The reflector system being impracticable for long-distance work, Mr. Marconi experimented with tuning. He so constructed a receiver that it responds only to a certain transmitter. That is, if the transmitter is radiating 800,000 vibrations a second, the corresponding receiver will take only 800,000 vibrations. In exactly the same way a familiar tuning fork will respond only to another tuning fork having exactly the same "tune," or number of vibrations per second. And Mr. Marconi has now succeeded in bringing this tuning system to some degree of perfection, though very much work yet remains to be done. For instance, in one of his English experiments, at Poole in England, he had two receivers connected with the same wire, and tuned to different transmitters located at St. Catherine's Point. Two messages were sent, one in English and one in French. Both were received at the same time on the same wire at Poole, but one receiver rolled off its message in English, the other in French, without the least interference. And so when critics suggested that the inventor may have been deceived at St. John's by messages transmitted from ocean liners, he was able to respond promptly:
"Impossible. My instrument was tuned to receive only from my station in Cornwall."
Indeed, the only wireless-telegraph apparatus that could possibly have been within hundreds of miles of Newfoundland would be one of the Marconi-fitted steamers, and the "call" of a steamer is not the letter "S," but "U."
The importance of the new system of tuning can hardly be overestimated. By it all the ships of a fleet can be provided with instruments tuned alike, so that they may communicate freely with one another, and have no fear that the enemy will read the messages. The spy of the future must be an electrical expert who can slip in somehow and steal the secret of the enemy's tunes. Great telegraph companies will each have its own tuned instruments, to receive only its own messages, and there may be special tunes for each of the important governments of the world. Or perhaps (for the system can be operated very cheaply) the time will even come when the great banking and business houses, or even families and friends, will each have its own wireless system, with its own secret tune. Having variations of millions of different vibrations, there will be no lack of tunes. For instance, the British navy may be tuned to receive only messages of 700,000 vibrations to the second, the German navy 1,500,000, the United States Government 1,000,000, and so on indefinitely.
Transatlantic High Power Marconi Station
at Glace Bay, Nova Scotia
Tuning also makes multiplex wireless telegraphy a possibility; that is, many messages may be sent or received on the same suspended wire. Supposing, for instance, the operator was sending a hurry press despatch to a newspaper. He has two transmitters, tuned differently, connected with his wire. He cuts the despatch in two, sends the first half on one transmitter, and the second on the other, thereby reducing by half the time of transmission.
A sort of impression prevails that wireless telegraphy is still largely in the uncertain experimental stage; but, as a matter of fact, it has long since passed from the laboratory to a wide commercial use. Its development since Mr. Marconi's first paper was read, in 1896, and especially since the first message was sent from England to France across the Channel in March, 1899, has been astonishingly rapid.
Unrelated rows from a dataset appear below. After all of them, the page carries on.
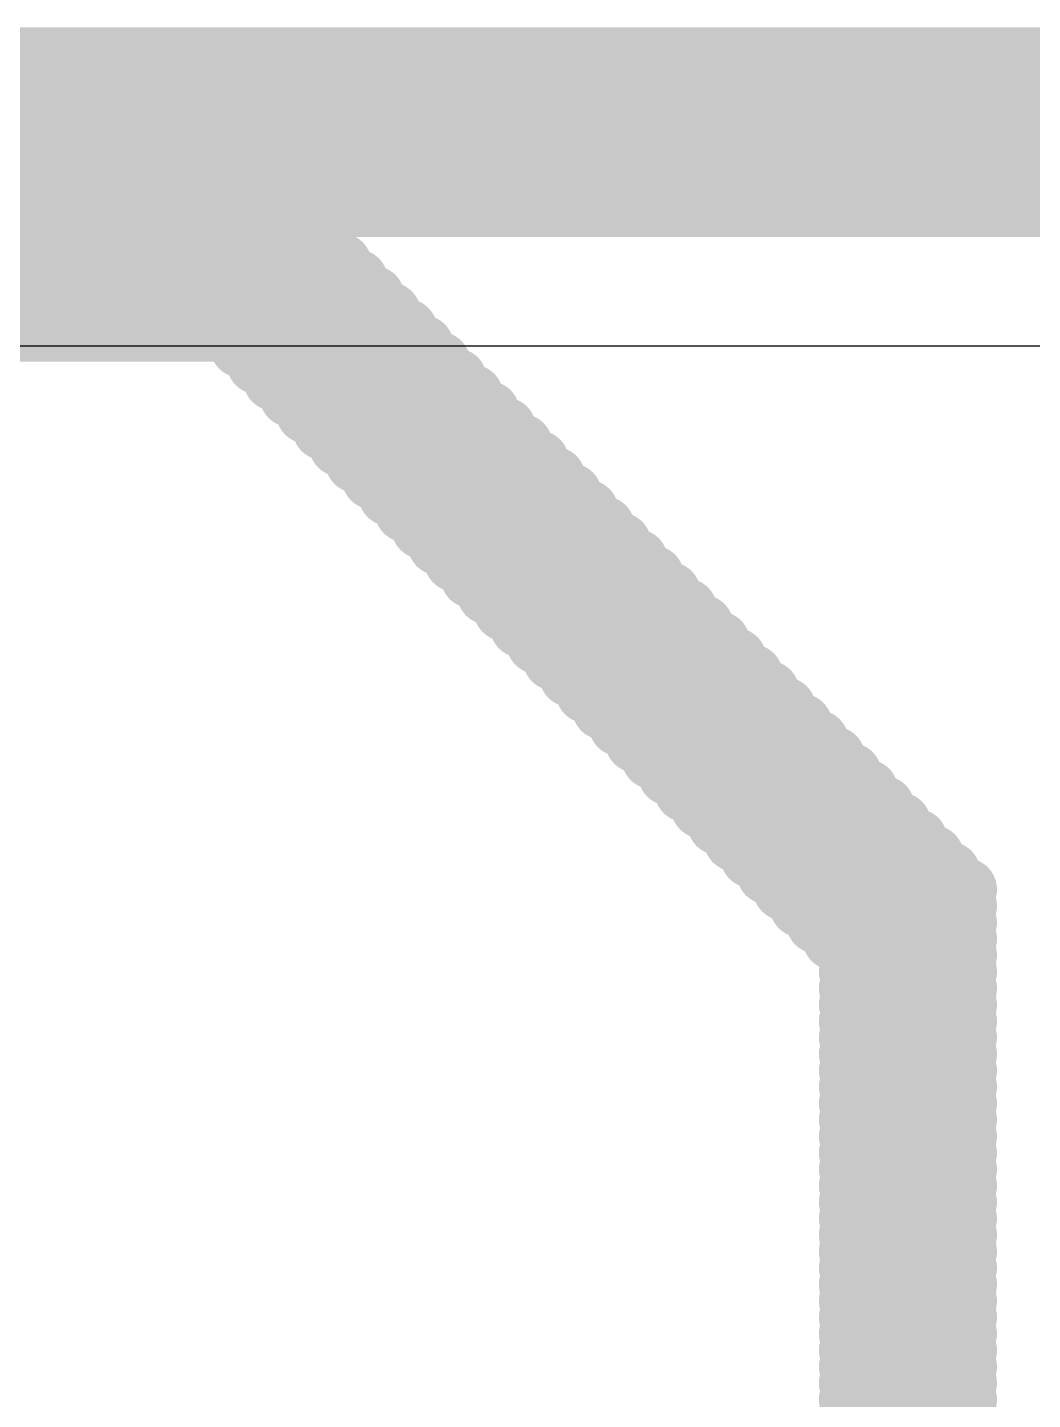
# Model space of a CAD drawing. Header units: inches. Extents: x -4.4 to 45.3, y -0.3 to 53.7.
# Drawn here: x 20.753 to 21.971, y 11.723 to 13.386 of the extents above; entities that cross this region are included whole.
import ezdxf

# ---------------------------------------------------------------- set-up
doc = ezdxf.new("R2010")
doc.units = ezdxf.units.IN
doc.layers.add('Bottom Overlay', color=54, linetype='Continuous')
doc.layers.add('Top Layer', color=1, linetype='Continuous')

msp = doc.modelspace()

# ---------------------------------------------------------------- linework, layer by layer
at = {"layer": 'Bottom Overlay'}
for points in [[(20.1745, 13.1187, 0.0762, 0.0762, 0), (21.1117, 13.1187, 0.0762, 0.0762, 0)], [(20.1745, 13.0988, 0.0762, 0.0762, 0), (21.1316, 13.0988, 0.0762, 0.0762, 0)], [(21.0718, 13.0789, 0.0762, 0.0762, 0), (21.1516, 13.0789, 0.0762, 0.0762, 0)], [(21.0917, 13.0589, 0.0762, 0.0762, 0), (21.1715, 13.0589, 0.0762, 0.0762, 0)], [(20.2543, 13.039, 0.0762, 0.0762, 0), (21.0519, 13.039, 0.0762, 0.0762, 0)], [(21.1117, 13.039, 0.0762, 0.0762, 0), (21.1914, 13.039, 0.0762, 0.0762, 0)], [(20.2343, 13.019, 0.0762, 0.0762, 0), (21.0718, 13.019, 0.0762, 0.0762, 0)], [(21.1316, 13.019, 0.0762, 0.0762, 0), (21.2114, 13.019, 0.0762, 0.0762, 0)], [(21.012, 12.9991, 0.0762, 0.0762, 0), (21.0917, 12.9991, 0.0762, 0.0762, 0)], [(21.1516, 12.9991, 0.0762, 0.0762, 0), (21.2313, 12.9991, 0.0762, 0.0762, 0)], [(21.0319, 12.9792, 0.0762, 0.0762, 0), (21.1117, 12.9792, 0.0762, 0.0762, 0)], [(21.1715, 12.9792, 0.0762, 0.0762, 0), (21.2513, 12.9792, 0.0762, 0.0762, 0)], [(21.0519, 12.9592, 0.0762, 0.0762, 0), (21.1316, 12.9592, 0.0762, 0.0762, 0)], [(21.1914, 12.9592, 0.0762, 0.0762, 0), (21.2712, 12.9592, 0.0762, 0.0762, 0)], [(21.0718, 12.9393, 0.0762, 0.0762, 0), (21.1516, 12.9393, 0.0762, 0.0762, 0)], [(21.2114, 12.9393, 0.0762, 0.0762, 0), (21.2911, 12.9393, 0.0762, 0.0762, 0)], [(21.0917, 12.9193, 0.0762, 0.0762, 0), (21.1715, 12.9193, 0.0762, 0.0762, 0)], [(21.2313, 12.9193, 0.0762, 0.0762, 0), (21.3111, 12.9193, 0.0762, 0.0762, 0)], [(21.1117, 12.8994, 0.0762, 0.0762, 0), (21.1914, 12.8994, 0.0762, 0.0762, 0)], [(21.2513, 12.8994, 0.0762, 0.0762, 0), (21.331, 12.8994, 0.0762, 0.0762, 0)], [(21.1316, 12.8795, 0.0762, 0.0762, 0), (21.2114, 12.8795, 0.0762, 0.0762, 0)], [(21.2712, 12.8795, 0.0762, 0.0762, 0), (21.351, 12.8795, 0.0762, 0.0762, 0)], [(21.1516, 12.8595, 0.0762, 0.0762, 0), (21.2313, 12.8595, 0.0762, 0.0762, 0)], [(21.2911, 12.8595, 0.0762, 0.0762, 0), (21.3709, 12.8595, 0.0762, 0.0762, 0)], [(21.1715, 12.8396, 0.0762, 0.0762, 0), (21.2313, 12.8396, 0.0762, 0.0762, 0)], [(21.3111, 12.8396, 0.0762, 0.0762, 0), (21.3908, 12.8396, 0.0762, 0.0762, 0)], [(21.1914, 12.8196, 0.0762, 0.0762, 0), (21.2712, 12.8196, 0.0762, 0.0762, 0)], [(21.331, 12.8196, 0.0762, 0.0762, 0), (21.4108, 12.8196, 0.0762, 0.0762, 0)], [(21.2114, 12.7997, 0.0762, 0.0762, 0), (21.2712, 12.7997, 0.0762, 0.0762, 0)], [(21.351, 12.7997, 0.0762, 0.0762, 0), (21.4307, 12.7997, 0.0762, 0.0762, 0)], [(21.2313, 12.7798, 0.0762, 0.0762, 0), (21.2911, 12.7798, 0.0762, 0.0762, 0)], [(21.3709, 12.7798, 0.0762, 0.0762, 0), (21.4507, 12.7798, 0.0762, 0.0762, 0)], [(21.2513, 12.7598, 0.0762, 0.0762, 0), (21.3111, 12.7598, 0.0762, 0.0762, 0)], [(21.3908, 12.7598, 0.0762, 0.0762, 0), (21.4706, 12.7598, 0.0762, 0.0762, 0)], [(21.2712, 12.7399, 0.0762, 0.0762, 0), (21.331, 12.7399, 0.0762, 0.0762, 0)], [(21.4108, 12.7399, 0.0762, 0.0762, 0), (21.4905, 12.7399, 0.0762, 0.0762, 0)], [(21.2911, 12.7199, 0.0762, 0.0762, 0), (21.351, 12.7199, 0.0762, 0.0762, 0)], [(21.4307, 12.7199, 0.0762, 0.0762, 0), (21.5105, 12.7199, 0.0762, 0.0762, 0)], [(21.3111, 12.7, 0.0762, 0.0762, 0), (21.3709, 12.7, 0.0762, 0.0762, 0)], [(21.4507, 12.7, 0.0762, 0.0762, 0), (21.5304, 12.7, 0.0762, 0.0762, 0)], [(21.331, 12.6801, 0.0762, 0.0762, 0), (21.3908, 12.6801, 0.0762, 0.0762, 0)], [(21.4706, 12.6801, 0.0762, 0.0762, 0), (21.5504, 12.6801, 0.0762, 0.0762, 0)], [(21.351, 12.6601, 0.0762, 0.0762, 0), (21.4108, 12.6601, 0.0762, 0.0762, 0)], [(21.4905, 12.6601, 0.0762, 0.0762, 0), (21.5703, 12.6601, 0.0762, 0.0762, 0)], [(21.3709, 12.6402, 0.0762, 0.0762, 0), (21.4307, 12.6402, 0.0762, 0.0762, 0)], [(21.5105, 12.6402, 0.0762, 0.0762, 0), (21.5902, 12.6402, 0.0762, 0.0762, 0)], [(21.3908, 12.6202, 0.0762, 0.0762, 0), (21.4507, 12.6202, 0.0762, 0.0762, 0)], [(21.5304, 12.6202, 0.0762, 0.0762, 0), (21.6102, 12.6202, 0.0762, 0.0762, 0)], [(21.4108, 12.6003, 0.0762, 0.0762, 0), (21.4706, 12.6003, 0.0762, 0.0762, 0)], [(21.5504, 12.6003, 0.0762, 0.0762, 0), (21.6301, 12.6003, 0.0762, 0.0762, 0)], [(21.4307, 12.5804, 0.0762, 0.0762, 0), (21.4905, 12.5804, 0.0762, 0.0762, 0)], [(21.5703, 12.5804, 0.0762, 0.0762, 0), (21.6501, 12.5804, 0.0762, 0.0762, 0)], [(21.4507, 12.5604, 0.0762, 0.0762, 0), (21.5105, 12.5604, 0.0762, 0.0762, 0)], [(21.5902, 12.5604, 0.0762, 0.0762, 0), (21.67, 12.5604, 0.0762, 0.0762, 0)], [(21.4706, 12.5405, 0.0762, 0.0762, 0), (21.5304, 12.5405, 0.0762, 0.0762, 0)], [(21.6102, 12.5405, 0.0762, 0.0762, 0), (21.6899, 12.5405, 0.0762, 0.0762, 0)], [(21.4905, 12.5205, 0.0762, 0.0762, 0), (21.5504, 12.5205, 0.0762, 0.0762, 0)], [(21.6301, 12.5205, 0.0762, 0.0762, 0), (21.7099, 12.5205, 0.0762, 0.0762, 0)], [(21.5105, 12.5006, 0.0762, 0.0762, 0), (21.5703, 12.5006, 0.0762, 0.0762, 0)], [(21.6501, 12.5006, 0.0762, 0.0762, 0), (21.7298, 12.5006, 0.0762, 0.0762, 0)], [(21.5304, 12.4807, 0.0762, 0.0762, 0), (21.5902, 12.4807, 0.0762, 0.0762, 0)], [(21.67, 12.4807, 0.0762, 0.0762, 0), (21.7498, 12.4807, 0.0762, 0.0762, 0)], [(21.5504, 12.4607, 0.0762, 0.0762, 0), (21.6102, 12.4607, 0.0762, 0.0762, 0)], [(21.6899, 12.4607, 0.0762, 0.0762, 0), (21.7697, 12.4607, 0.0762, 0.0762, 0)], [(21.5703, 12.4408, 0.0762, 0.0762, 0), (21.6301, 12.4408, 0.0762, 0.0762, 0)], [(21.7099, 12.4408, 0.0762, 0.0762, 0), (21.7896, 12.4408, 0.0762, 0.0762, 0)], [(21.5902, 12.4208, 0.0762, 0.0762, 0), (21.6501, 12.4208, 0.0762, 0.0762, 0)], [(21.7298, 12.4208, 0.0762, 0.0762, 0), (21.8096, 12.4208, 0.0762, 0.0762, 0)], [(21.6102, 12.4009, 0.0762, 0.0762, 0), (21.67, 12.4009, 0.0762, 0.0762, 0)], [(21.7498, 12.4009, 0.0762, 0.0762, 0), (21.8295, 12.4009, 0.0762, 0.0762, 0)], [(21.6301, 12.381, 0.0762, 0.0762, 0), (21.6899, 12.381, 0.0762, 0.0762, 0)], [(21.7697, 12.381, 0.0762, 0.0762, 0), (21.8495, 12.381, 0.0762, 0.0762, 0)], [(21.6501, 12.361, 0.0762, 0.0762, 0), (21.7099, 12.361, 0.0762, 0.0762, 0)], [(21.7896, 12.361, 0.0762, 0.0762, 0), (21.8694, 12.361, 0.0762, 0.0762, 0)], [(21.67, 12.3411, 0.0762, 0.0762, 0), (21.7298, 12.3411, 0.0762, 0.0762, 0)], [(21.8096, 12.3411, 0.0762, 0.0762, 0), (21.8893, 12.3411, 0.0762, 0.0762, 0)], [(21.6899, 12.3211, 0.0762, 0.0762, 0), (21.7498, 12.3211, 0.0762, 0.0762, 0)], [(21.8295, 12.3211, 0.0762, 0.0762, 0), (21.8893, 12.3211, 0.0762, 0.0762, 0)], [(21.7099, 12.3012, 0.0762, 0.0762, 0), (21.7697, 12.3012, 0.0762, 0.0762, 0)], [(21.8495, 12.3012, 0.0762, 0.0762, 0), (21.8893, 12.3012, 0.0762, 0.0762, 0)], [(21.7298, 12.2812, 0.0762, 0.0762, 0), (21.7896, 12.2812, 0.0762, 0.0762, 0)], [(21.8495, 12.2812, 0.0762, 0.0762, 0), (21.8893, 12.2812, 0.0762, 0.0762, 0)], [(21.7498, 12.2613, 0.0762, 0.0762, 0), (21.8096, 12.2613, 0.0762, 0.0762, 0)], [(21.8495, 12.2613, 0.0762, 0.0762, 0), (21.8893, 12.2613, 0.0762, 0.0762, 0)], [(21.7498, 12.2414, 0.0762, 0.0762, 0), (21.8096, 12.2414, 0.0762, 0.0762, 0)], [(21.8495, 12.2414, 0.0762, 0.0762, 0), (21.8893, 12.2414, 0.0762, 0.0762, 0)], [(21.7498, 12.2214, 0.0762, 0.0762, 0), (21.8096, 12.2214, 0.0762, 0.0762, 0)], [(21.8495, 12.2214, 0.0762, 0.0762, 0), (21.8893, 12.2214, 0.0762, 0.0762, 0)], [(21.7498, 12.2015, 0.0762, 0.0762, 0), (21.8096, 12.2015, 0.0762, 0.0762, 0)], [(21.8495, 12.2015, 0.0762, 0.0762, 0), (21.8893, 12.2015, 0.0762, 0.0762, 0)], [(21.7498, 12.1816, 0.0762, 0.0762, 0), (21.8096, 12.1816, 0.0762, 0.0762, 0)], [(21.8495, 12.1816, 0.0762, 0.0762, 0), (21.8893, 12.1816, 0.0762, 0.0762, 0)], [(21.7498, 12.1616, 0.0762, 0.0762, 0), (21.8096, 12.1616, 0.0762, 0.0762, 0)], [(21.8495, 12.1616, 0.0762, 0.0762, 0), (21.8893, 12.1616, 0.0762, 0.0762, 0)], [(21.7498, 12.1417, 0.0762, 0.0762, 0), (21.8096, 12.1417, 0.0762, 0.0762, 0)], [(21.8495, 12.1417, 0.0762, 0.0762, 0), (21.8893, 12.1417, 0.0762, 0.0762, 0)], [(21.7498, 12.1217, 0.0762, 0.0762, 0), (21.8096, 12.1217, 0.0762, 0.0762, 0)], [(21.8495, 12.1217, 0.0762, 0.0762, 0), (21.8893, 12.1217, 0.0762, 0.0762, 0)], [(21.7498, 12.1018, 0.0762, 0.0762, 0), (21.8096, 12.1018, 0.0762, 0.0762, 0)], [(21.8495, 12.1018, 0.0762, 0.0762, 0), (21.8893, 12.1018, 0.0762, 0.0762, 0)], [(21.7498, 12.0818, 0.0762, 0.0762, 0), (21.8096, 12.0818, 0.0762, 0.0762, 0)], [(21.8495, 12.0818, 0.0762, 0.0762, 0), (21.8893, 12.0818, 0.0762, 0.0762, 0)], [(21.7498, 12.0619, 0.0762, 0.0762, 0), (21.8096, 12.0619, 0.0762, 0.0762, 0)], [(21.8495, 12.0619, 0.0762, 0.0762, 0), (21.8893, 12.0619, 0.0762, 0.0762, 0)], [(21.7498, 12.042, 0.0762, 0.0762, 0), (21.8096, 12.042, 0.0762, 0.0762, 0)], [(21.8495, 12.042, 0.0762, 0.0762, 0), (21.8893, 12.042, 0.0762, 0.0762, 0)], [(21.7498, 12.022, 0.0762, 0.0762, 0), (21.8096, 12.022, 0.0762, 0.0762, 0)], [(21.8495, 12.022, 0.0762, 0.0762, 0), (21.8893, 12.022, 0.0762, 0.0762, 0)], [(21.7498, 12.0021, 0.0762, 0.0762, 0), (21.8096, 12.0021, 0.0762, 0.0762, 0)], [(21.8495, 12.0021, 0.0762, 0.0762, 0), (21.8893, 12.0021, 0.0762, 0.0762, 0)], [(21.7498, 11.9821, 0.0762, 0.0762, 0), (21.8096, 11.9821, 0.0762, 0.0762, 0)], [(21.8495, 11.9821, 0.0762, 0.0762, 0), (21.8893, 11.9821, 0.0762, 0.0762, 0)], [(21.7498, 11.9622, 0.0762, 0.0762, 0), (21.8096, 11.9622, 0.0762, 0.0762, 0)], [(21.8495, 11.9622, 0.0762, 0.0762, 0), (21.8893, 11.9622, 0.0762, 0.0762, 0)], [(21.7498, 11.9423, 0.0762, 0.0762, 0), (21.8096, 11.9423, 0.0762, 0.0762, 0)], [(21.8495, 11.9423, 0.0762, 0.0762, 0), (21.8893, 11.9423, 0.0762, 0.0762, 0)], [(21.7498, 11.9223, 0.0762, 0.0762, 0), (21.8096, 11.9223, 0.0762, 0.0762, 0)], [(21.8495, 11.9223, 0.0762, 0.0762, 0), (21.8893, 11.9223, 0.0762, 0.0762, 0)], [(21.7498, 11.9024, 0.0762, 0.0762, 0), (21.8096, 11.9024, 0.0762, 0.0762, 0)], [(21.8495, 11.9024, 0.0762, 0.0762, 0), (21.8893, 11.9024, 0.0762, 0.0762, 0)], [(21.7498, 11.8824, 0.0762, 0.0762, 0), (21.8096, 11.8824, 0.0762, 0.0762, 0)], [(21.8495, 11.8824, 0.0762, 0.0762, 0), (21.8893, 11.8824, 0.0762, 0.0762, 0)], [(21.7498, 11.8625, 0.0762, 0.0762, 0), (21.8096, 11.8625, 0.0762, 0.0762, 0)], [(21.8495, 11.8625, 0.0762, 0.0762, 0), (21.8893, 11.8625, 0.0762, 0.0762, 0)], [(21.7498, 11.8426, 0.0762, 0.0762, 0), (21.8096, 11.8426, 0.0762, 0.0762, 0)], [(21.8495, 11.8426, 0.0762, 0.0762, 0), (21.8893, 11.8426, 0.0762, 0.0762, 0)], [(21.7498, 11.8226, 0.0762, 0.0762, 0), (21.8096, 11.8226, 0.0762, 0.0762, 0)], [(21.8495, 11.8226, 0.0762, 0.0762, 0), (21.8893, 11.8226, 0.0762, 0.0762, 0)], [(21.7498, 11.8027, 0.0762, 0.0762, 0), (21.8096, 11.8027, 0.0762, 0.0762, 0)], [(21.8495, 11.8027, 0.0762, 0.0762, 0), (21.8893, 11.8027, 0.0762, 0.0762, 0)], [(21.7498, 11.7827, 0.0762, 0.0762, 0), (21.8096, 11.7827, 0.0762, 0.0762, 0)], [(21.8495, 11.7827, 0.0762, 0.0762, 0), (21.8893, 11.7827, 0.0762, 0.0762, 0)], [(21.7498, 11.7628, 0.0762, 0.0762, 0), (21.8096, 11.7628, 0.0762, 0.0762, 0)], [(21.8495, 11.7628, 0.0762, 0.0762, 0), (21.8893, 11.7628, 0.0762, 0.0762, 0)], [(21.7498, 11.7429, 0.0762, 0.0762, 0), (21.8096, 11.7429, 0.0762, 0.0762, 0)], [(21.8495, 11.7429, 0.0762, 0.0762, 0), (21.8893, 11.7429, 0.0762, 0.0762, 0)], [(21.7498, 11.7229, 0.0762, 0.0762, 0), (21.8096, 11.7229, 0.0762, 0.0762, 0)], [(21.8495, 11.7229, 0.0762, 0.0762, 0), (21.8893, 11.7229, 0.0762, 0.0762, 0)], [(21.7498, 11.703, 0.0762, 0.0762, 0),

Most of the ships of the great navies of Europe and all the important ocean liners are now fitted with the "wireless" instruments. The system has been recently adopted by the Lloyds of England, the greatest of shipping exchanges. It is being used on many lightships, and the New York Herald receives daily reports from vessels at sea, communicated from a ship station off Nantucket. Were there space to be spared, many incidents might be told showing in what curious and wonderful ways the use of the "wireless" instruments has saved life and property, to say nothing of facilitating business.
And it cannot now be long before a regular telegraph business will be conducted between Massachusetts and England, through the new stations. Mr. Marconi informed me that he would be able to build and equip stations on both sides of the Atlantic for less than $150,000, the subsequent charge for maintenance being very small. A cable across the Atlantic costs between $3,000,000 and $4,000,000, and it is a constant source of expenditure for repairs. The inventor will be able to transmit with single instruments about twenty words a minute, and at a cost ridiculously small compared with the present cable tolls. He said in a speech delivered at a dinner given him by the Governor at St. John's that messages which now go by cable at twenty-five cents a word might be sent profitably at a cent a word or less, which is even much cheaper than the very cheapest present rates in America for messages by land wires. It is estimated that about $400,000,000 is invested in cable systems in various parts of the world. If Marconi succeeds as he hopes to succeed, much of the vast network of wires at the bottom of the world's oceans, represented by this investment, will lose its usefulness. It is now the inventor's purpose to push the work of installation between the continents as rapidly as possible, and no one need be surprised if the year 1902 sees his system in practical operation. Along with this transatlantic work he intends to extend his system of transmission between ships at sea and the ports on land, with a view to enabling the shore stations to maintain constant communication with vessels all the way across the Atlantic. If he succeeds in doing this, there will at last be no escape for the weary from the daily news of the world, so long one of the advantages of an ocean voyage. For every morning each ship, though in mid-ocean, will get its bulletin of news, the ship's printing-press will strike it off, and it will be served hot with the coffee. Yet think what such a system will mean to ships in distress, and how often it will relieve the anxiety of friends awaiting the delayed voyager.